Vleesveehouders in verweer tegen mestplan
Tientallen vleesveehouders zijn het niet eens met het plan voor de inperking van de veestapel om het mestprobleem op te lossen. Vooral de uitvoering laat volgens hen te wensen over. De boeren sluiten zich daarom aan bij een juridische procedure om te bezien of de eisen binnen de voorgestelde regeling rechtsgeldig zijn.
Een van de onderdelen van het pakket maatregelen om het mestoverschot terug te dringen is het terugbrengen van de veestapel. Boeren die meer koeien bezitten dan op de peildatum van 15 december 2016 moeten daarvoor een boete betalen. Dat geldt ook voor kalveren die worden geboren.
Advocaat Franca Damen van advocatenkantoor Kneppelhout & Korthals, die het proces aanspande, legt onder meer uit dat de vleesveehouders geen schuld hebben gehad aan de stevige toename van het mestoverschot. Ook vinden de vleesveehouders dat de referentiedatum slecht is gekozen, omdat een boer in december gemiddeld minder vee heeft dan in andere maanden. Bij het opstellen van het plan zijn volgens Damen de vleesveehouders ook niet betrokken geweest.
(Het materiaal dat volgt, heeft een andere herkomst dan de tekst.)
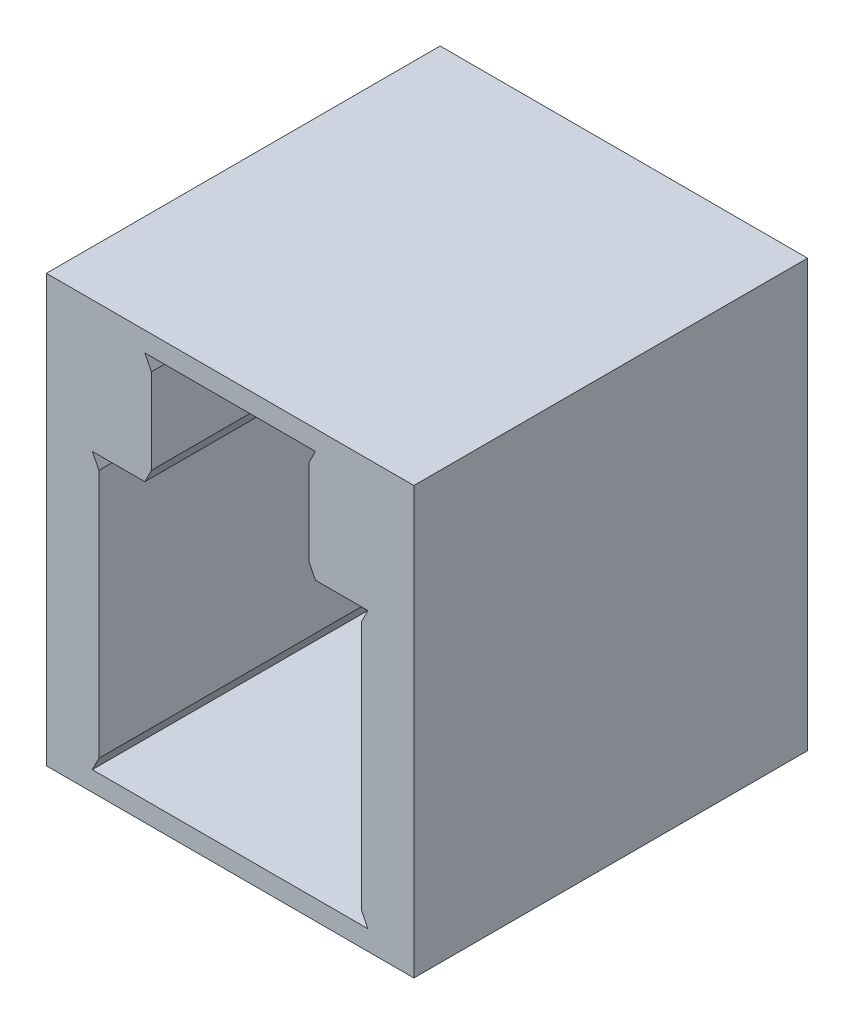
ISO-10303-21;
HEADER;
FILE_DESCRIPTION(('STEP AP214'),'2;1');
FILE_NAME('part.step','',(''),(''),'','','');
FILE_SCHEMA(('AUTOMOTIVE_DESIGN { 1 0 10303 214 1 1 1 1 }'));
ENDSEC;
DATA;
#1=APPLICATION_CONTEXT('core data for automotive mechanical design processes');
#2=APPLICATION_PROTOCOL_DEFINITION('international standard','automotive_design',2000,#1);
#3=PRODUCT_CONTEXT('',#1,'mechanical');
#4=PRODUCT('Part','Part','',(#3));
#5=PRODUCT_RELATED_PRODUCT_CATEGORY('part','',(#4));
#6=PRODUCT_DEFINITION_FORMATION('','',#4);
#7=PRODUCT_DEFINITION_CONTEXT('part definition',#1,'design');
#8=PRODUCT_DEFINITION('design','',#6,#7);
#9=PRODUCT_DEFINITION_SHAPE('','',#8);
#10=(LENGTH_UNIT() NAMED_UNIT(*) SI_UNIT(.MILLI.,.METRE.));
#11=(NAMED_UNIT(*) PLANE_ANGLE_UNIT() SI_UNIT($,.RADIAN.));
#12=(NAMED_UNIT(*) SI_UNIT($,.STERADIAN.) SOLID_ANGLE_UNIT());
#13=UNCERTAINTY_MEASURE_WITH_UNIT(LENGTH_MEASURE(1.E-05),#10,'distance_accuracy_value','');
#14=(GEOMETRIC_REPRESENTATION_CONTEXT(3) GLOBAL_UNCERTAINTY_ASSIGNED_CONTEXT((#13)) GLOBAL_UNIT_ASSIGNED_CONTEXT((#10,
#11,#12)) REPRESENTATION_CONTEXT('',''));
#15=CARTESIAN_POINT('',(0.,0.,0.));
#16=DIRECTION('',(0.,0.,1.));
#17=DIRECTION('',(1.,0.,0.));
#18=AXIS2_PLACEMENT_3D('',#15,#16,#17);
#19=CARTESIAN_POINT('',(4.,22.5,-30.));
#20=DIRECTION('',(0.,1.,0.));
#21=DIRECTION('',(-1.,0.,0.));
#22=AXIS2_PLACEMENT_3D('',#19,#20,#21);
#23=PLANE('',#22);
#24=DIRECTION('',(-1.,0.,0.));
#25=VECTOR('',#24,1.);
#26=CARTESIAN_POINT('',(4.,22.5,-30.));
#27=LINE('',#26,#25);
#28=CARTESIAN_POINT('',(7.5,22.5,-30.));
#29=VERTEX_POINT('',#28);
#30=CARTESIAN_POINT('',(3.5,22.5,-30.));
#31=VERTEX_POINT('',#30);
#32=EDGE_CURVE('E238',#29,#31,#27,.T.);
#33=ORIENTED_EDGE('',*,*,#32,.F.);
#34=DIRECTION('',(0.,0.,1.));
#35=VECTOR('',#34,1.);
#36=CARTESIAN_POINT('',(7.5,22.5,-30.));
#37=LINE('',#36,#35);
#38=CARTESIAN_POINT('',(7.5,22.5,0.));
#39=VERTEX_POINT('',#38);
#40=EDGE_CURVE('E371',#29,#39,#37,.T.);
#41=ORIENTED_EDGE('',*,*,#40,.T.);
#42=DIRECTION('',(1.,0.,0.));
#43=VECTOR('',#42,1.);
#44=CARTESIAN_POINT('',(0.,22.5,0.));
#45=LINE('',#44,#43);
#46=CARTESIAN_POINT('',(3.5,22.5,0.));
#47=VERTEX_POINT('',#46);
#48=EDGE_CURVE('E247',#47,#39,#45,.T.);
#49=ORIENTED_EDGE('',*,*,#48,.F.);
#50=DIRECTION('',(0.,0.,1.));
#51=VECTOR('',#50,1.);
#52=CARTESIAN_POINT('',(3.5,22.5,-30.));
#53=LINE('',#52,#51);
#54=EDGE_CURVE('E476',#31,#47,#53,.T.);
#55=ORIENTED_EDGE('',*,*,#54,.F.);
#56=EDGE_LOOP('',(#33,#41,#49,#55));
#57=FACE_BOUND('',#56,.T.);
#58=ADVANCED_FACE('F39',(#57),#23,.F.);
#59=CARTESIAN_POINT('',(0.,32.5,0.));
#60=DIRECTION('',(1.,0.,0.));
#61=DIRECTION('',(0.,0.,-1.));
#62=AXIS2_PLACEMENT_3D('',#59,#60,#61);
#63=PLANE('',#62);
#64=DIRECTION('',(0.,0.,1.));
#65=VECTOR('',#64,1.);
#66=CARTESIAN_POINT('',(0.,0.,0.));
#67=LINE('',#66,#65);
#68=CARTESIAN_POINT('',(0.,0.,-30.));
#69=VERTEX_POINT('',#68);
#70=CARTESIAN_POINT('',(0.,0.,0.));
#71=VERTEX_POINT('',#70);
#72=EDGE_CURVE('E267',#69,#71,#67,.T.);
#73=ORIENTED_EDGE('',*,*,#72,.T.);
#74=DIRECTION('',(0.,-1.,0.));
#75=VECTOR('',#74,1.);
#76=CARTESIAN_POINT('',(0.,32.5,0.));
#77=LINE('',#76,#75);
#78=CARTESIAN_POINT('',(0.,32.5,0.));
#79=VERTEX_POINT('',#78);
#80=EDGE_CURVE('E11',#79,#71,#77,.T.);
#81=ORIENTED_EDGE('',*,*,#80,.F.);
#82=DIRECTION('',(0.,0.,1.));
#83=VECTOR('',#82,1.);
#84=CARTESIAN_POINT('',(0.,32.5,0.));
#85=LINE('',#84,#83);
#86=CARTESIAN_POINT('',(0.,32.5,-30.));
#87=VERTEX_POINT('',#86);
#88=EDGE_CURVE('E252',#87,#79,#85,.T.);
#89=ORIENTED_EDGE('',*,*,#88,.F.);
#90=DIRECTION('',(0.,-1.,0.));
#91=VECTOR('',#90,1.);
#92=CARTESIAN_POINT('',(0.,32.5,-30.));
#93=LINE('',#92,#91);
#94=EDGE_CURVE('E266',#87,#69,#93,.T.);
#95=ORIENTED_EDGE('',*,*,#94,.T.);
#96=EDGE_LOOP('',(#73,#81,#89,#95));
#97=FACE_BOUND('',#96,.T.);
#98=ADVANCED_FACE('F41',(#97),#63,.F.);
#99=CARTESIAN_POINT('',(0.,32.5,0.));
#100=DIRECTION('',(0.,0.,-1.));
#101=DIRECTION('',(-1.,0.,0.));
#102=AXIS2_PLACEMENT_3D('',#99,#100,#101);
#103=PLANE('',#102);
#104=DIRECTION('',(0.,-1.,0.));
#105=VECTOR('',#104,1.);
#106=CARTESIAN_POINT('',(20.,32.5,0.));
#107=LINE('',#106,#105);
#108=CARTESIAN_POINT('',(20.,30.,0.));
#109=VERTEX_POINT('',#108);
#110=CARTESIAN_POINT('',(20.,23.5,0.));
#111=VERTEX_POINT('',#110);
#112=EDGE_CURVE('E212',#109,#111,#107,.T.);
#113=ORIENTED_EDGE('',*,*,#112,.T.);
#114=DIRECTION('',(0.447213595499958,-0.894427190999916,0.));
#115=VECTOR('',#114,1.);
#116=CARTESIAN_POINT('',(12.4,38.7,0.));
#117=LINE('',#116,#115);
#118=CARTESIAN_POINT('',(20.5,22.5,0.));
#119=VERTEX_POINT('',#118);
#120=EDGE_CURVE('E383',#111,#119,#117,.T.);
#121=ORIENTED_EDGE('',*,*,#120,.T.);
#122=CARTESIAN_POINT('',(24.5,22.5,0.));
#123=VERTEX_POINT('',#122);
#124=EDGE_CURVE('E249',#119,#123,#45,.T.);
#125=ORIENTED_EDGE('',*,*,#124,.T.);
#126=DIRECTION('',(-0.44721359549996,-0.894427190999915,0.));
#127=VECTOR('',#126,1.);
#128=CARTESIAN_POINT('',(23.6,20.6999999999999,0.));
#129=LINE('',#128,#127);
#130=CARTESIAN_POINT('',(24.,21.5,0.));
#131=VERTEX_POINT('',#130);
#132=EDGE_CURVE('E347',#123,#131,#129,.T.);
#133=ORIENTED_EDGE('',*,*,#132,.T.);
#134=DIRECTION('',(0.,-1.,0.));
#135=VECTOR('',#134,1.);
#136=CARTESIAN_POINT('',(24.,32.5,0.));
#137=LINE('',#136,#135);
#138=CARTESIAN_POINT('',(24.,2.5,6.E-06));
#139=VERTEX_POINT('',#138);
#140=EDGE_CURVE('E222',#131,#139,#137,.T.);
#141=ORIENTED_EDGE('',*,*,#140,.T.);
#142=DIRECTION('',(0.447213595499958,-0.894427190999916,0.));
#143=VECTOR('',#142,1.);
#144=CARTESIAN_POINT('',(7.19999999999999,36.1,0.));
#145=LINE('',#144,#143);
#146=CARTESIAN_POINT('',(24.5,1.5,0.));
#147=VERTEX_POINT('',#146);
#148=EDGE_CURVE('E192',#139,#147,#145,.T.);
#149=ORIENTED_EDGE('',*,*,#148,.T.);
#150=DIRECTION('',(-1.,0.,0.));
#151=VECTOR('',#150,1.);
#152=CARTESIAN_POINT('',(0.,1.5,0.));
#153=LINE('',#152,#151);
#154=CARTESIAN_POINT('',(3.49999999999999,1.5,0.));
#155=VERTEX_POINT('',#154);
#156=EDGE_CURVE('E243',#147,#155,#153,.T.);
#157=ORIENTED_EDGE('',*,*,#156,.T.);
#158=DIRECTION('',(0.447213595499961,0.894427190999915,0.));
#159=VECTOR('',#158,1.);
#160=CARTESIAN_POINT('',(15.2,24.8999999999999,0.));
#161=LINE('',#160,#159);
#162=CARTESIAN_POINT('',(4.,2.5,0.));
#163=VERTEX_POINT('',#162);
#164=EDGE_CURVE('E402',#155,#163,#161,.T.);
#165=ORIENTED_EDGE('',*,*,#164,.T.);
#166=DIRECTION('',(0.,1.,0.));
#167=VECTOR('',#166,1.);
#168=CARTESIAN_POINT('',(4.,32.5,0.));
#169=LINE('',#168,#167);
#170=CARTESIAN_POINT('',(4.,21.5,6.E-06));
#171=VERTEX_POINT('',#170);
#172=EDGE_CURVE('E43',#163,#171,#169,.T.);
#173=ORIENTED_EDGE('',*,*,#172,.T.);
#174=DIRECTION('',(-0.447213595499958,0.894427190999916,0.));
#175=VECTOR('',#174,1.);
#176=CARTESIAN_POINT('',(-1.2,31.9,0.));
#177=LINE('',#176,#175);
#178=EDGE_CURVE('E408',#171,#47,#177,.T.);
#179=ORIENTED_EDGE('',*,*,#178,.T.);
#180=ORIENTED_EDGE('',*,*,#48,.T.);
#181=DIRECTION('',(0.447213595499958,0.894427190999916,0.));
#182=VECTOR('',#181,1.);
#183=CARTESIAN_POINT('',(10.,27.5,0.));
#184=LINE('',#183,#182);
#185=CARTESIAN_POINT('',(8.,23.5,0.));
#186=VERTEX_POINT('',#185);
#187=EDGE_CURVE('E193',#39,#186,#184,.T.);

Demissionair staatssecretaris Martijn van Dam (Landbouw) heeft volgens de advocate al aangegeven dat vleesveehouders ook voor een andere referentiesituatie kunnen kiezen.
Eerder lieten ook grondgebonden en biologische melkveehouders zich al kritisch uit over het plan. Zij zouden graag zien dat het maximumaantal koeien dat een boer mag houden, wordt gekoppeld aan de grond die de melkveehouder heeft.
Op 12 april dient al een kort geding tegen het fosfaatreductieplan. Damen hoopt met het proefproces daarbij te kunnen aansluiten.